UVA Assistant Coach Tyler Fenwick couldn’t be prouder. “The team just works their tails off and they had big goals,” he says. “And just to be able to see those goals come to fruition this weekend and to be able to see all that hard work pay off—I mean, they performed at a really, really high level. As a coach, that’s fun to see.”

Every NCAA record broken at the meet was by either Alex or Gretchen Walsh. Gretchen, a third-year, grabbed NCAA, U.S. Open, and American records in the 50-yard freestyle, 100-yard freestyle, 100-yard butterfly, and 100-yard backstroke.

Alex, a fourth year, lowered the 200-yard butterfly NCAA record by 35 hundredths of a second, breaking a record that’s stood for six years. She also, along with her sister, was part of the 200-yard freestyle relay that broke NCAA, U.S. Open, and American records.

“When you have people who are as gifted as [Alex and Gretchen] are, who work hard, that’s a lethal combination,” Fenwick says. “And really what we’ve come to kind of expect is every time they dive in the water, we don’t know what to expect, but we do expect them to be great, and they seem to outdo themselves every time they hit the water.”

A new ACC champion was also born over the weekend, with first-year Cavan Gormsen bringing home wins in the long-distance events—the 500-yard freestyle and 1,650-yard freestyle (dubbed the mile). While she didn’t crack three-time Olympian Katie Ledecky’s NCAA records from 2017, it’s very likely Gormsen will swim the events again next month at the NCAA championship.

But the Walsh sisters and Gormsen weren’t the only ones standing on the victory podium: Final heats were frequently stacked with multiple UVA women. The Hoos went 1-2 in the 50-yard freestyle, and 1-2-3 in the 200-yard breaststroke.

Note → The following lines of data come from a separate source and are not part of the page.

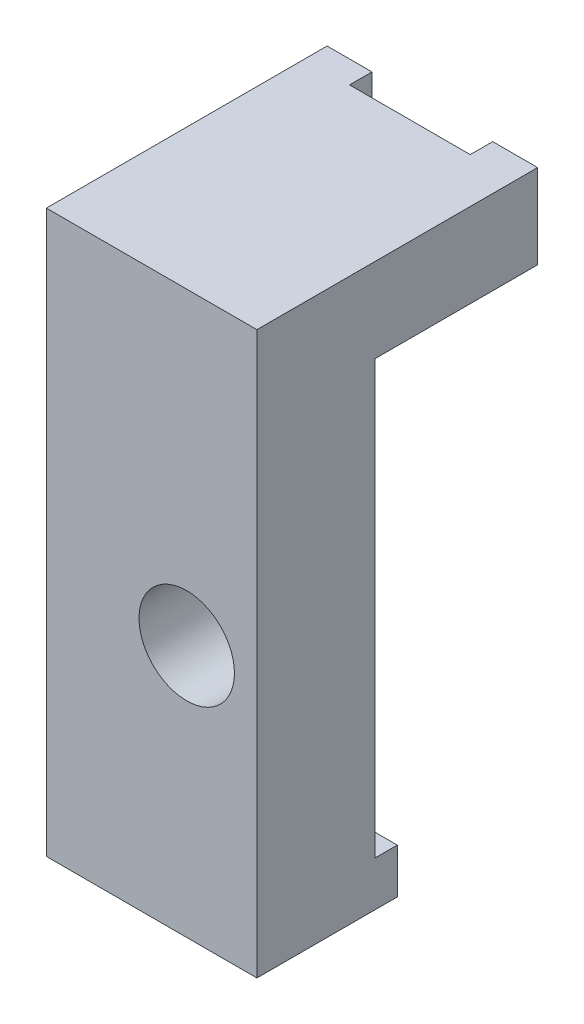
SolidWorks part; units mm, degrees
ref_plane "Front Plane" through (0, 0, 0) normal (0, 0, 1) x (1, 0, 0)
ref_plane "Top Plane" through (0, 0, 0) normal (0, 1, 0) x (1, 0, 0)
ref_plane "Right Plane" through (0, 0, 0) normal (1, 0, 0) x (0, 0, -1)
sketch "Sketch1" plane through (0, 0, 0) normal (0, 0, 1) x (1, 0, 0)
  line L1 (-4.7625, 12.7) -> (4.7625, 12.7)
  line L2 (-4.7625, 12.7) -> (-4.7625, -12.7)
  line L3 (-4.7625, -12.7) -> (4.7625, -12.7)
  line L4 (4.7625, 12.7) -> (4.7625, -12.7)
  line L5 (-4.7625, 12.7) -> (4.7625, -12.7) construction
  line L6 (-4.7625, -12.7) -> (4.7625, 12.7) construction
  point P0 (0, 0)
  dimension "D1" = 25.4
  dimension "D2" = 9.525
extrude "Boss-Extrude1" add sketch "Sketch1" along normal mid plane 12.7
sketch "Sketch2" plane through (4.7625, 0, 0) normal (1, 0, 0) x (0, 0, -1)
  line L0 (-6.35, -12.7) -> (-6.35, 12.7) construction
  line L1 (6.35, -12.7) -> (0, -12.7)
  line L2 (6.35, -12.7) -> (6.35, 8.89)
  line L3 (6.35, 8.89) -> (0, 8.89)
  line L4 (0, -12.7) -> (0, 8.89)
  line L5 (-6.35, 12.7) -> (6.35, 12.7) construction
  dimension "D1" = 6.35
  dimension "D2" = 3.81
extrude "Cut-Extrude1" cut sketch "Sketch2" against normal up to next
sketch "Sketch3" plane through (0, 0, 6.35) normal (0, 0, 1) x (1, 0, 0)
  line L0 (-4.7625, -12.7) -> (4.7625, -12.7) construction
  line L2 (4.7625, -12.7) -> (4.7625, 12.7) construction
  circle A0 centre (1.5875, -1.27) radius 2.159
  dimension "D1" = 11.43
  dimension "D2" = 3.175
extrude "Cut-Extrude2" cut sketch "Sketch3" against normal up to next
sketch "Sketch4" plane through (0, 12.7, 0) normal (0, 1, 0) x (1, 0, 0)
  line L0 (4.7625, 6.35) -> (-4.7625, 6.35) construction
  line L1 (2.7305, 6.35) -> (-2.7305, 6.35)
  line L2 (2.7305, 6.35) -> (2.7305, 5.334)
  line L3 (2.7305, 5.334) -> (-2.7305, 5.334)
  line L4 (-2.7305, 6.35) -> (-2.7305, 5.334)
  line L5 (-4.7625, -6.35) -> (-4.7625, 6.35) construction
  line L6 (4.7625, -6.35) -> (4.7625, 6.35) construction
  dimension "D1" = 2.032
  dimension "D2" = 2.032
  dimension "D3" = 1.016
extrude "Cut-Extrude3" cut sketch "Sketch4" against normal up to next
sketch "Sketch5" plane through (4.7625, 0, 0) normal (1, 0, 0) x (0, 0, -1)
  line L0 (0, 8.89) -> (0, -12.7) construction
  line L1 (0, -10.668) -> (-1.016, -10.668)
  line L2 (0, -10.668) -> (0, 8.89)
  line L3 (0, 8.89) -> (-1.016, 8.89)
  line L4 (-1.016, -10.668) -> (-1.016, 8.89)
  line L5 (-6.35, -12.7) -> (0, -12.7) construction
  line L6 (6.35, 8.89) -> (0, 8.89) construction
  dimension "D1" = 2.032
  dimension "D2" = 1.016
extrude "Cut-Extrude4" cut sketch "Sketch5" against normal through all

During the meet, the women scored 1,637.5 points, crushing the second-place team (Louisville) by nearly 500 points. According to SwimSwam, this makes the Cavaliers the highest scorers in ACC swimming championship history.

Fenwick is now looking ahead to March 20, when the team hopes to bring home its fourth-straight NCAA championship, something the Cavs have been building up to all year. “This is a team that knows that meet really well,” he says. “And they know what it takes to win at that meet.”